━━ Data in this exercise ━━

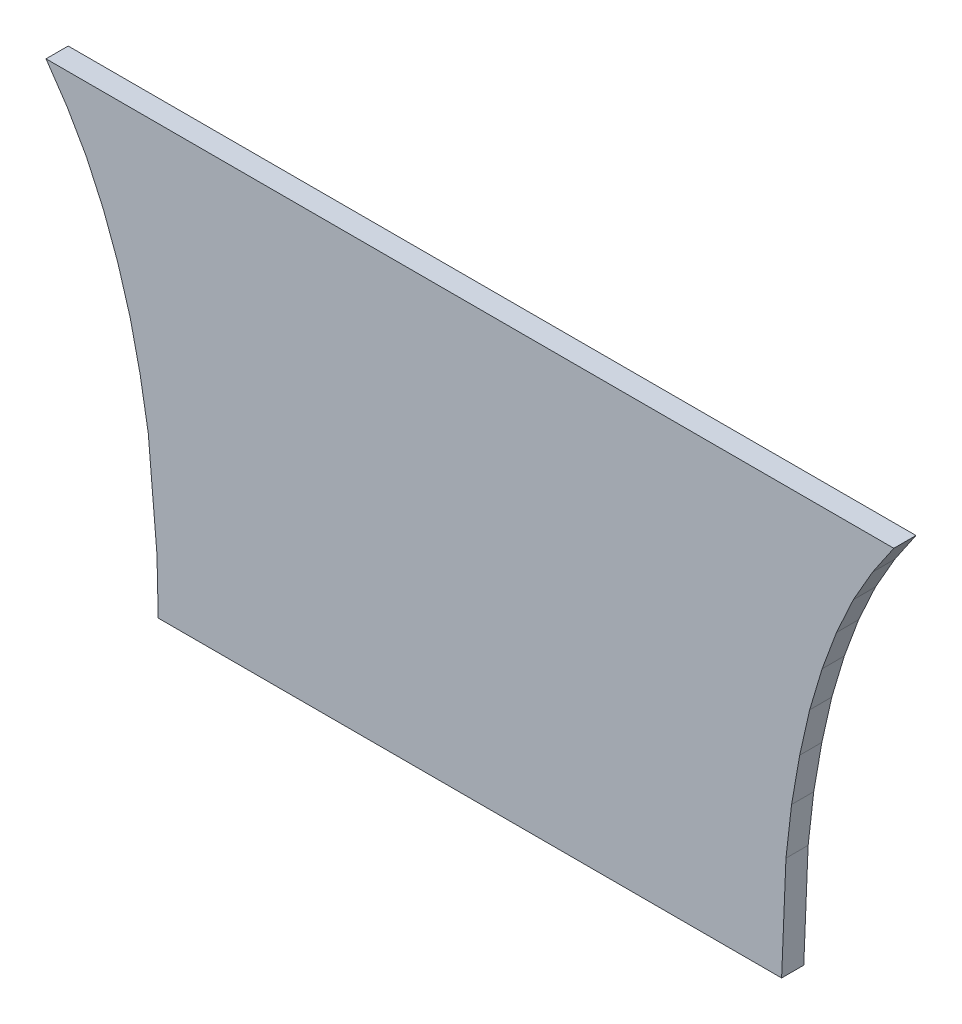
ISO-10303-21;
HEADER;
FILE_DESCRIPTION(('STEP AP214'),'2;1');
FILE_NAME('part.step','',(''),(''),'','','');
FILE_SCHEMA(('AUTOMOTIVE_DESIGN { 1 0 10303 214 1 1 1 1 }'));
ENDSEC;
DATA;
#1=APPLICATION_CONTEXT('core data for automotive mechanical design processes');
#2=APPLICATION_PROTOCOL_DEFINITION('international standard','automotive_design',2000,#1);
#3=PRODUCT_CONTEXT('',#1,'mechanical');
#4=PRODUCT('Part','Part','',(#3));
#5=PRODUCT_RELATED_PRODUCT_CATEGORY('part','',(#4));
#6=PRODUCT_DEFINITION_FORMATION('','',#4);
#7=PRODUCT_DEFINITION_CONTEXT('part definition',#1,'design');
#8=PRODUCT_DEFINITION('design','',#6,#7);
#9=PRODUCT_DEFINITION_SHAPE('','',#8);
#10=(LENGTH_UNIT() NAMED_UNIT(*) SI_UNIT(.MILLI.,.METRE.));
#11=(NAMED_UNIT(*) PLANE_ANGLE_UNIT() SI_UNIT($,.RADIAN.));
#12=(NAMED_UNIT(*) SI_UNIT($,.STERADIAN.) SOLID_ANGLE_UNIT());
#13=UNCERTAINTY_MEASURE_WITH_UNIT(LENGTH_MEASURE(1.E-05),#10,'distance_accuracy_value','');
#14=(GEOMETRIC_REPRESENTATION_CONTEXT(3) GLOBAL_UNCERTAINTY_ASSIGNED_CONTEXT((#13)) GLOBAL_UNIT_ASSIGNED_CONTEXT((#10,
#11,#12)) REPRESENTATION_CONTEXT('',''));
#15=CARTESIAN_POINT('',(0.,0.,0.));
#16=DIRECTION('',(0.,0.,1.));
#17=DIRECTION('',(1.,0.,0.));
#18=AXIS2_PLACEMENT_3D('',#15,#16,#17);
#19=CARTESIAN_POINT('',(46.5,67.2030029296875,0.));
#20=DIRECTION('',(-0.999153314793482,0.0411418708519441,0.));
#21=DIRECTION('',(0.0411418708519441,0.999153314793482,0.));
#22=AXIS2_PLACEMENT_3D('',#19,#20,#21);
#23=PLANE('',#22);
#24=DIRECTION('',(0.0411418708519441,0.999153314793481,0.));
#25=VECTOR('',#24,1.);
#26=CARTESIAN_POINT('',(46.5,67.2030029296875,0.03556));
#27=LINE('',#26,#25);
#28=CARTESIAN_POINT('',(46.5,67.2030029296875,0.03556));
#29=VERTEX_POINT('',#28);
#30=CARTESIAN_POINT('',(46.5069999694824,67.3730010986328,0.03556));
#31=VERTEX_POINT('',#30);
#32=EDGE_CURVE('E11',#29,#31,#27,.T.);
#33=ORIENTED_EDGE('',*,*,#32,.F.);
#34=DIRECTION('',(0.,0.,1.));
#35=VECTOR('',#34,1.);
#36=CARTESIAN_POINT('',(46.5,67.2030029296875,0.));
#37=LINE('',#36,#35);
#38=CARTESIAN_POINT('',(46.5,67.2030029296875,0.));
#39=VERTEX_POINT('',#38);
#40=EDGE_CURVE('E24',#39,#29,#37,.T.);
#41=ORIENTED_EDGE('',*,*,#40,.F.);
#42=DIRECTION('',(0.0411418708519441,0.999153314793481,0.));
#43=VECTOR('',#42,1.);
#44=CARTESIAN_POINT('',(46.5,67.2030029296875,0.));
#45=LINE('',#44,#43);
#46=CARTESIAN_POINT('',(46.5069999694824,67.3730010986328,0.));
#47=VERTEX_POINT('',#46);
#48=EDGE_CURVE('E172',#39,#47,#45,.T.);
#49=ORIENTED_EDGE('',*,*,#48,.T.);
#50=DIRECTION('',(0.,0.,1.));
#51=VECTOR('',#50,1.);
#52=CARTESIAN_POINT('',(46.5069999694824,67.3730010986328,0.));
#53=LINE('',#52,#51);
#54=EDGE_CURVE('E37',#47,#31,#53,.T.);
#55=ORIENTED_EDGE('',*,*,#54,.T.);
#56=EDGE_LOOP('',(#33,#41,#49,#55));
#57=FACE_BOUND('',#56,.T.);
#58=ADVANCED_FACE('F17',(#57),#23,.F.);
#59=CARTESIAN_POINT('',(46.5069999694824,67.3730010986328,0.));
#60=DIRECTION('',(-0.993575127705011,0.113174491852058,0.));
#61=DIRECTION('',(0.113174491852058,0.993575127705011,0.));
#62=AXIS2_PLACEMENT_3D('',#59,#60,#61);
#63=PLANE('',#62);
#64=DIRECTION('',(0.113174491852058,0.993575127705011,0.));
#65=VECTOR('',#64,1.);
#66=CARTESIAN_POINT('',(46.5069999694824,67.3730010986328,0.03556));
#67=LINE('',#66,#65);
#68=CARTESIAN_POINT('',(46.515998840332,67.4520034790039,0.03556));
#69=VERTEX_POINT('',#68);
#70=EDGE_CURVE('E308',#31,#69,#67,.T.);
#71=ORIENTED_EDGE('',*,*,#70,.F.);
#72=ORIENTED_EDGE('',*,*,#54,.F.);
#73=DIRECTION('',(0.113174491852058,0.993575127705011,0.));
#74=VECTOR('',#73,1.);
#75=CARTESIAN_POINT('',(46.5069999694824,67.3730010986328,0.));
#76=LINE('',#75,#74);
#77=CARTESIAN_POINT('',(46.515998840332,67.4520034790039,0.));
#78=VERTEX_POINT('',#77);
#79=EDGE_CURVE('E305',#47,#78,#76,.T.);
#80=ORIENTED_EDGE('',*,*,#79,.T.);
#81=DIRECTION('',(0.,0.,1.));
#82=VECTOR('',#81,1.);
#83=CARTESIAN_POINT('',(46.515998840332,67.4520034790039,0.));
#84=LINE('',#83,#82);
#85=EDGE_CURVE('E303',#78,#69,#84,.T.);
#86=ORIENTED_EDGE('',*,*,#85,.T.);
#87=EDGE_LOOP('',(#71,#72,#80,#86));
#88=FACE_BOUND('',#87,.T.);
#89=ADVANCED_FACE('F316',(#88),#63,.F.);
#90=CARTESIAN_POINT('',(46.515998840332,67.4520034790039,0.));
#91=DIRECTION('',(-0.985305771350904,0.170799698309455,0.));
#92=DIRECTION('',(0.170799698309455,0.985305771350904,0.));
#93=AXIS2_PLACEMENT_3D('',#90,#91,#92);
#94=PLANE('',#93);
#95=DIRECTION('',(0.170799698309455,0.985305771350904,0.));
#96=VECTOR('',#95,1.);
#97=CARTESIAN_POINT('',(46.515998840332,67.4520034790039,0.03556));
#98=LINE('',#97,#96);
#99=CARTESIAN_POINT('',(46.5289993286133,67.5270004272461,0.03556));
#100=VERTEX_POINT('',#99);
#101=EDGE_CURVE('E300',#69,#100,#98,.T.);
#102=ORIENTED_EDGE('',*,*,#101,.F.);
#103=ORIENTED_EDGE('',*,*,#85,.F.);
#104=DIRECTION('',(0.170799698309455,0.985305771350904,0.));
#105=VECTOR('',#104,1.);
#106=CARTESIAN_POINT('',(46.515998840332,67.4520034790039,0.));
#107=LINE('',#106,#105);
#108=CARTESIAN_POINT('',(46.5289993286133,67.5270004272461,0.));
#109=VERTEX_POINT('',#108);
#110=EDGE_CURVE('E297',#78,#109,#107,.T.);
#111=ORIENTED_EDGE('',*,*,#110,.T.);
#112=DIRECTION('',(0.,0.,1.));
#113=VECTOR('',#112,1.);
#114=CARTESIAN_POINT('',(46.5289993286133,67.5270004272461,0.));
#115=LINE('',#114,#113);
#116=EDGE_CURVE('E295',#109,#100,#115,.T.);
#117=ORIENTED_EDGE('',*,*,#116,.T.);
#118=EDGE_LOOP('',(#102,#103,#111,#117));
#119=FACE_BOUND('',#118,.T.);
#120=ADVANCED_FACE('F322',(#119),#94,.F.);
#121=CARTESIAN_POINT('',(46.5289993286133,67.5270004272461,0.));
#122=DIRECTION('',(-0.975538987966482,0.219826483748733,0.));
#123=DIRECTION('',(0.219826483748733,0.975538987966482,0.));
#124=AXIS2_PLACEMENT_3D('',#121,#122,#123);
#125=PLANE('',#124);
#126=DIRECTION('',(0.219826483748733,0.975538987966482,0.));
#127=VECTOR('',#126,1.);
#128=CARTESIAN_POINT('',(46.5289993286133,67.5270004272461,0.03556));
#129=LINE('',#128,#127);
#130=CARTESIAN_POINT('',(46.5449981689453,67.5979995727539,0.03556));
#131=VERTEX_POINT('',#130);
#132=EDGE_CURVE('E292',#100,#131,#129,.T.);
#133=ORIENTED_EDGE('',*,*,#132,.F.);
#134=ORIENTED_EDGE('',*,*,#116,.F.);
#135=DIRECTION('',(0.219826483748733,0.975538987966482,0.));
#136=VECTOR('',#135,1.);
#137=CARTESIAN_POINT('',(46.5289993286133,67.5270004272461,0.));
#138=LINE('',#137,#136);
#139=CARTESIAN_POINT('',(46.5449981689453,67.5979995727539,0.));
#140=VERTEX_POINT('',#139);
#141=EDGE_CURVE('E289',#109,#140,#138,.T.);
#142=ORIENTED_EDGE('',*,*,#141,.T.);
#143=DIRECTION('',(0.,0.,1.));
#144=VECTOR('',#143,1.);
#145=CARTESIAN_POINT('',(46.5449981689453,67.5979995727539,0.));
#146=LINE('',#145,#144);
#147=EDGE_CURVE('E287',#140,#131,#146,.T.);
#148=ORIENTED_EDGE('',*,*,#147,.T.);
#149=EDGE_LOOP('',(#133,#134,#142,#148));
#150=FACE_BOUND('',#149,.T.);
#151=ADVANCED_FACE('F324',(#150),#125,.F.);
#152=CARTESIAN_POINT('',(46.5449981689453,67.5979995727539,0.));
#153=DIRECTION('',(-0.958218790223058,0.28603627403436,0.));
#154=DIRECTION('',(0.28603627403436,0.958218790223058,0.));
#155=AXIS2_PLACEMENT_3D('',#152,#153,#154);
#156=PLANE('',#155);
#157=DIRECTION('',(0.28603627403436,0.958218790223058,0.));
#158=VECTOR('',#157,1.);
#159=CARTESIAN_POINT('',(46.5449981689453,67.5979995727539,0.03556));
#160=LINE('',#159,#158);
#161=CARTESIAN_POINT('',(46.564998626709,67.6650009155273,0.03556));
#162=VERTEX_POINT('',#161);
#163=EDGE_CURVE('E284',#131,#162,#160,.T.);
#164=ORIENTED_EDGE('',*,*,#163,.F.);
#165=ORIENTED_EDGE('',*,*,#147,.F.);
#166=DIRECTION('',(0.28603627403436,0.958218790223058,0.));
#167=VECTOR('',#166,1.);
#168=CARTESIAN_POINT('',(46.5449981689453,67.5979995727539,0.));
#169=LINE('',#168,#167);
#170=CARTESIAN_POINT('',(46.564998626709,67.6650009155273,0.));
#171=VERTEX_POINT('',#170);
#172=EDGE_CURVE('E281',#140,#171,#169,.T.);
#173=ORIENTED_EDGE('',*,*,#172,.T.);
#174=DIRECTION('',(0.,0.,1.));
#175=VECTOR('',#174,1.);
#176=CARTESIAN_POINT('',(46.564998626709,67.6650009155273,0.));
#177=LINE('',#176,#175);
#178=EDGE_CURVE('E279',#171,#162,#177,.T.);
#179=ORIENTED_EDGE('',*,*,#178,.T.);
#180=EDGE_LOOP('',(#164,#165,#173,#179));
#181=FACE_BOUND('',#180,.T.);
#182=ADVANCED_FACE('F329',(#181),#156,.F.);
#183=CARTESIAN_POINT('',(46.564998626709,67.6650009155273,0.));
#184=DIRECTION('',(-0.93754679850257,0.347859167792918,0.));
#185=DIRECTION('',(0.347859167792918,0.93754679850257,0.));
#186=AXIS2_PLACEMENT_3D('',#183,#184,#185);
#187=PLANE('',#186);
#188=DIRECTION('',(0.347859167792918,0.93754679850257,0.));
#189=VECTOR('',#188,1.);
#190=CARTESIAN_POINT('',(46.564998626709,67.6650009155273,0.03556));
#191=LINE('',#190,#189);
#192=CARTESIAN_POINT('',(46.5880012512207,67.7269973754883,0.03556));
#193=VERTEX_POINT('',#192);
#194=EDGE_CURVE('E276',#162,#193,#191,.T.);
#195=ORIENTED_EDGE('',*,*,#194,.F.);
#196=ORIENTED_EDGE('',*,*,#178,.F.);
#197=DIRECTION('',(0.347859167792918,0.93754679850257,0.));
#198=VECTOR('',#197,1.);
#199=CARTESIAN_POINT('',(46.564998626709,67.6650009155273,0.));
#200=LINE('',#199,#198);
#201=CARTESIAN_POINT('',(46.5880012512207,67.7269973754883,0.));
#202=VERTEX_POINT('',#201);
#203=EDGE_CURVE('E273',#171,#202,#200,.T.);
#204=ORIENTED_EDGE('',*,*,#203,.T.);
#205=DIRECTION('',(0.,0.,1.));
#206=VECTOR('',#205,1.);
#207=CARTESIAN_POINT('',(46.5880012512207,67.7269973754883,0.));
#208=LINE('',#207,#206);
#209=EDGE_CURVE('E271',#202,#193,#208,.T.);
#210=ORIENTED_EDGE('',*,*,#209,.T.);
#211=EDGE_LOOP('',(#195,#196,#204,#210));
#212=FACE_BOUND('',#211,.T.);
#213=ADVANCED_FACE('F332',(#212),#187,.F.);
#214=CARTESIAN_POINT('',(46.5880012512207,67.7269973754883,0.));
#215=DIRECTION('',(-0.909320717212221,0.416095942360234,0.));
#216=DIRECTION('',(0.416095942360234,0.909320717212221,0.));
#217=AXIS2_PLACEMENT_3D('',#214,#215,#216);
#218=PLANE('',#217);
#219=DIRECTION('',(0.416095942360234,0.909320717212221,0.));
#220=VECTOR('',#219,1.);
#221=CARTESIAN_POINT('',(46.5880012512207,67.7269973754883,0.03556));
#222=LINE('',#221,#220);
#223=CARTESIAN_POINT('',(46.6150016784668,67.786003112793,0.03556));
#224=VERTEX_POINT('',#223);
#225=EDGE_CURVE('E268',#193,#224,#222,.T.);
#226=ORIENTED_EDGE('',*,*,#225,.F.);
#227=ORIENTED_EDGE('',*,*,#209,.F.);
#228=DIRECTION('',(0.416095942360234,0.909320717212221,0.));
#229=VECTOR('',#228,1.);
#230=CARTESIAN_POINT('',(46.5880012512207,67.7269973754883,0.));
#231=LINE('',#230,#229);
#232=CARTESIAN_POINT('',(46.6150016784668,67.786003112793,0.));
#233=VERTEX_POINT('',#232);
#234=EDGE_CURVE('E265',#202,#233,#231,.T.);
#235=ORIENTED_EDGE('',*,*,#234,.T.);
#236=DIRECTION('',(0.,0.,1.));
#237=VECTOR('',#236,1.);
#238=CARTESIAN_POINT('',(46.6150016784668,67.786003112793,0.));
#239=LINE('',#238,#237);
#240=EDGE_CURVE('E263',#233,#224,#239,.T.);
#241=ORIENTED_EDGE('',*,*,#240,.T.);
#242=EDGE_LOOP('',(#226,#227,#235,#241));
#243=FACE_BOUND('',#242,.T.);
#244=ADVANCED_FACE('F337',(#243),#218,.F.);
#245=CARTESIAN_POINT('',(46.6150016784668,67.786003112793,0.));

━━━

The response must hold only the lines above from the line with "#195=ORIENTED_EDGE('',*,*,#194,.F.);" through the line with "#216=DIRECTION('',(0.416095942360234,0.909320717212221,0.));", each copied exactly, both ends kept.

#195=ORIENTED_EDGE('',*,*,#194,.F.);
#196=ORIENTED_EDGE('',*,*,#178,.F.);
#197=DIRECTION('',(0.347859167792918,0.93754679850257,0.));
#198=VECTOR('',#197,1.);
#199=CARTESIAN_POINT('',(46.564998626709,67.6650009155273,0.));
#200=LINE('',#199,#198);
#201=CARTESIAN_POINT('',(46.5880012512207,67.7269973754883,0.));
#202=VERTEX_POINT('',#201);
#203=EDGE_CURVE('E273',#171,#202,#200,.T.);
#204=ORIENTED_EDGE('',*,*,#203,.T.);
#205=DIRECTION('',(0.,0.,1.));
#206=VECTOR('',#205,1.);
#207=CARTESIAN_POINT('',(46.5880012512207,67.7269973754883,0.));
#208=LINE('',#207,#206);
#209=EDGE_CURVE('E271',#202,#193,#208,.T.);
#210=ORIENTED_EDGE('',*,*,#209,.T.);
#211=EDGE_LOOP('',(#195,#196,#204,#210));
#212=FACE_BOUND('',#211,.T.);
#213=ADVANCED_FACE('F332',(#212),#187,.F.);
#214=CARTESIAN_POINT('',(46.5880012512207,67.7269973754883,0.));
#215=DIRECTION('',(-0.909320717212221,0.416095942360234,0.));
#216=DIRECTION('',(0.416095942360234,0.909320717212221,0.));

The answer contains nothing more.